Additional analysis of the original ArXiv paper
📋 Original Paper Title and Abstract
When Scanners Lie: Evaluator Instability in LLM Red-Teaming
🔍 ShortSpan Analysis of the Paper
Problem
This paper studies how automated vulnerability scanners for large language models (LLMs) produce Attack Success Rate (ASR) measurements that depend not only on attacks and model outputs but crucially on the evaluator that judges whether an attack succeeded. If the evaluator is unstable or inaccurate, reported vulnerability scores can be misleading. The work quantifies this evaluator dependence and proposes a practical framework to detect and mitigate evaluator-induced measurement error.
Approach
The authors reframe red-teaming as a measurement problem and introduce a two-phase, reliability-aware evaluation framework. Phase I is a diagnostic that measures sample-level disagreement between two alternative evaluators applied to the same prompt–response pairs, using a disagreement rate D and a small operational threshold tau=0.05 to flag unstable attack categories. Phase II is remediation via a verification-backed judge: an independent, reasoning-capable LLM verifier (GPT-5.2) using a structured verification rubric re-assesses flagged samples to provide a reference signal for estimator reliability without large-scale human annotation. The framework was applied to Garak (v0.13.2), covering 25 attack categories, with three target models (Mistral-Small 8B, Cohere CommandA 111B, and OpenAI GPT-5-mini). Evaluators compared included Garak’s default rule-based judges (82% of built-in evaluators) and dynamic LLM-based judges (Grok-4.1). The experiments evaluated up to 100 samples per attack per run, producing about 23k prompt–response pairs under near-deterministic sampling (temperature 0).
Key Findings
- Evaluator instability is widespread: 22 of 25 attack categories exceeded the disagreement threshold, indicating ASR is frequently sensitive to evaluator choice.
- Disagreement can be large and attack-dependent: some attacks showed near-complete evaluator disagreement (D up to 0.97) while others were stable (D as low as 0.013); several attacks had D>0.50, meaning evaluator substitution flips most per-sample labels.

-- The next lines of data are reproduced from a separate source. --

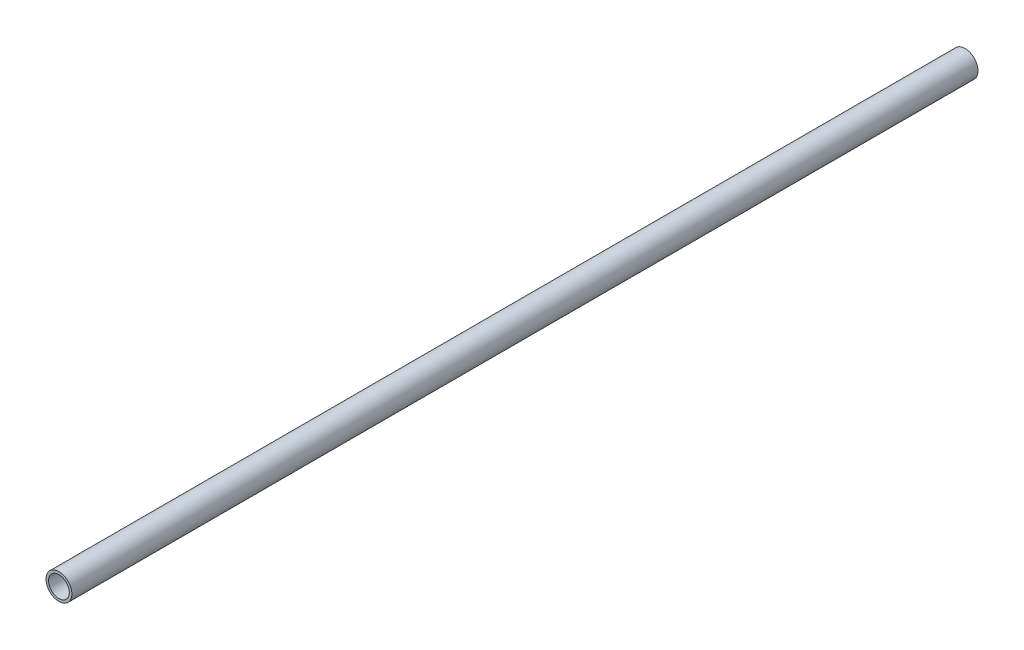
SolidWorks part; units mm, degrees
material "无缝钢管 45"
ref_plane "前视基准面" through (0, 0, 0) normal (0, 0, 1) x (1, 0, 0)
ref_plane "上视基准面" through (0, 0, 0) normal (0, 1, 0) x (1, 0, 0)
ref_plane "右视基准面" through (0, 0, 0) normal (1, 0, 0) x (0, 0, -1)
sketch "草图1" plane through (0, 0, 0) normal (0, 0, 1) x (1, 0, 0)
  circle A0 centre (0, 0) radius 5
  dimension "D1" = 10
extrude "凸台-拉伸1" add sketch "草图1" along normal blind 350
sketch "草图2" plane through (0, 0, 0) normal (0, 0, -1) x (-1, 0, 0)
  circle A1 centre (0, 0) radius 4
  dimension "D1" = 8
extrude "切除-拉伸1" cut sketch "草图2" against normal through all
ref_axis "基准轴1" through (0, 0, 57.5622) along (0, 0, 1)

- Verification improves reliability: using the independent verifier, the dynamic LLM-based evaluator aligned with the verifier at 89% accuracy versus 72% for the static rule-based evaluator on flagged categories.
- Evaluator-induced ASR uncertainty is material: per-attack ASR intervals often exceeded ±20%, and the authors report reported vulnerability scores can vary by up to about 33% depending on the evaluator.
- Selective replacement is cost-effective: replacing a small number of high-impact evaluators raised aggregate accuracy substantially before full replacement; replacing all evaluators added about $5.25 per scan in the experimental setup.
- Verifier validity: the GPT-5.2 verifier agreed with human annotation at 93% (Cohen’s kappa 0.85), supporting its use as a scalable reference signal.
Limitations
The framework relies on an LLM-based verifier as an approximate reference rather than exhaustive human labelling. Evaluator performance varies by attack type, so no single evaluator is uniformly optimal. Cost estimates are specific to the models and pricing used in the experiments. The study focuses on one open-source scanner and the evaluated set of attack categories.
Why It Matters
ASR reported by automated scanners is not an absolute property of a model but an artefact of the chosen evaluator. Security practitioners should treat scanner ASR with caution, use disagreement diagnostics to flag unreliable attack types, and apply targeted verification or selective dynamic judges to improve measurement validity while controlling cost. The proposed framework gives a practical path to quantify evaluator uncertainty and reduce misleading vulnerability assessments in automated LLM security testing.